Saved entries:
--- START ---

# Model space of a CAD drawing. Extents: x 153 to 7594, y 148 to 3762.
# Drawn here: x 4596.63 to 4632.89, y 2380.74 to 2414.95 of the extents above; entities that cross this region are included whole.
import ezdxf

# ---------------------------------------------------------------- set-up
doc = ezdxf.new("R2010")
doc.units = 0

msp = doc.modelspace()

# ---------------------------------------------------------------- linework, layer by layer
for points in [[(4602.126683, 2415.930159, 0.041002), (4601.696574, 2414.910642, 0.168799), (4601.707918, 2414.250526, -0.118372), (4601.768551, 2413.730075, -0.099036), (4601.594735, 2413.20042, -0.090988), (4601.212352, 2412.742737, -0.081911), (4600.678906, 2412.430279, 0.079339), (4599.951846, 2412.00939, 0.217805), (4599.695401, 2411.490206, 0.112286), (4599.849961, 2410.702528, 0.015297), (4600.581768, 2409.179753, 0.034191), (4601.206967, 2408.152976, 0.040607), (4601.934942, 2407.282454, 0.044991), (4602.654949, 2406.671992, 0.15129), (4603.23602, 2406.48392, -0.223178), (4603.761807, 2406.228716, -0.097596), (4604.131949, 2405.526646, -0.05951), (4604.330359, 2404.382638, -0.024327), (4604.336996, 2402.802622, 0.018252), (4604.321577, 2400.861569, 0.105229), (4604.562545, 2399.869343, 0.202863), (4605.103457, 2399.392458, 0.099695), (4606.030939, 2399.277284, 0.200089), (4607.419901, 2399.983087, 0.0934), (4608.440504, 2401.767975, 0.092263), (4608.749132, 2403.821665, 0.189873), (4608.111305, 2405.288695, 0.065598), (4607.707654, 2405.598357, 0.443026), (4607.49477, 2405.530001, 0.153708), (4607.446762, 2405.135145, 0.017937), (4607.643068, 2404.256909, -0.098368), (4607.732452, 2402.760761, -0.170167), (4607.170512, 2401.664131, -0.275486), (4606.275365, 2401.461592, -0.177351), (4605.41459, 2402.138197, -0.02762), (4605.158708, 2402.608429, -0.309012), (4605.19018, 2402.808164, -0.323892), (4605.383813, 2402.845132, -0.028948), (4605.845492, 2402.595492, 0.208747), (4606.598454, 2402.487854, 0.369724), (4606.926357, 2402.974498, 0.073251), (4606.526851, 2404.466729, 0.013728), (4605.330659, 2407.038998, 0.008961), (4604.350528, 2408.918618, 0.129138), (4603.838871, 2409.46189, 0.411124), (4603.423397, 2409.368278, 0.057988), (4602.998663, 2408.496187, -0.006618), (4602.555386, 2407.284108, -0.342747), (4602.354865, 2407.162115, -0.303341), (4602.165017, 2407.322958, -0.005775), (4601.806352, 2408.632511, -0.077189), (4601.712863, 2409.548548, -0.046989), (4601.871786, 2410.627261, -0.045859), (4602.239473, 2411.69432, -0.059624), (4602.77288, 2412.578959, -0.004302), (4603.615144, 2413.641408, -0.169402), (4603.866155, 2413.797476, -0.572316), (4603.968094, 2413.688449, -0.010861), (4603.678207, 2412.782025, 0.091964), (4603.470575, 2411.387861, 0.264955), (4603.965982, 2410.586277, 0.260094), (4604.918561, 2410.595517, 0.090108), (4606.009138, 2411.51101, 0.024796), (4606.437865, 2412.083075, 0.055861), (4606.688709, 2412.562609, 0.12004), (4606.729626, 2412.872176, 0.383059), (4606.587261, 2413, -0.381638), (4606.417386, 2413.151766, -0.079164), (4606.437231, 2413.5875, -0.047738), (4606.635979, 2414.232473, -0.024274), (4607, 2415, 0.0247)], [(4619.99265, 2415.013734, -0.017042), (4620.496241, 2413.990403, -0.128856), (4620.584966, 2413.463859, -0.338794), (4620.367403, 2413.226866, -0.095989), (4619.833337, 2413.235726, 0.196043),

--- END ---

WORK TASK: From the records above, print exactly the lines that run from the line with "import ezdxf" to the line with "layer by layer", inclusive.

WRITTEN ANSWER:
import ezdxf

# ---------------------------------------------------------------- set-up
doc = ezdxf.new("R2010")
doc.units = 0

msp = doc.modelspace()

# ---------------------------------------------------------------- linework, layer by layer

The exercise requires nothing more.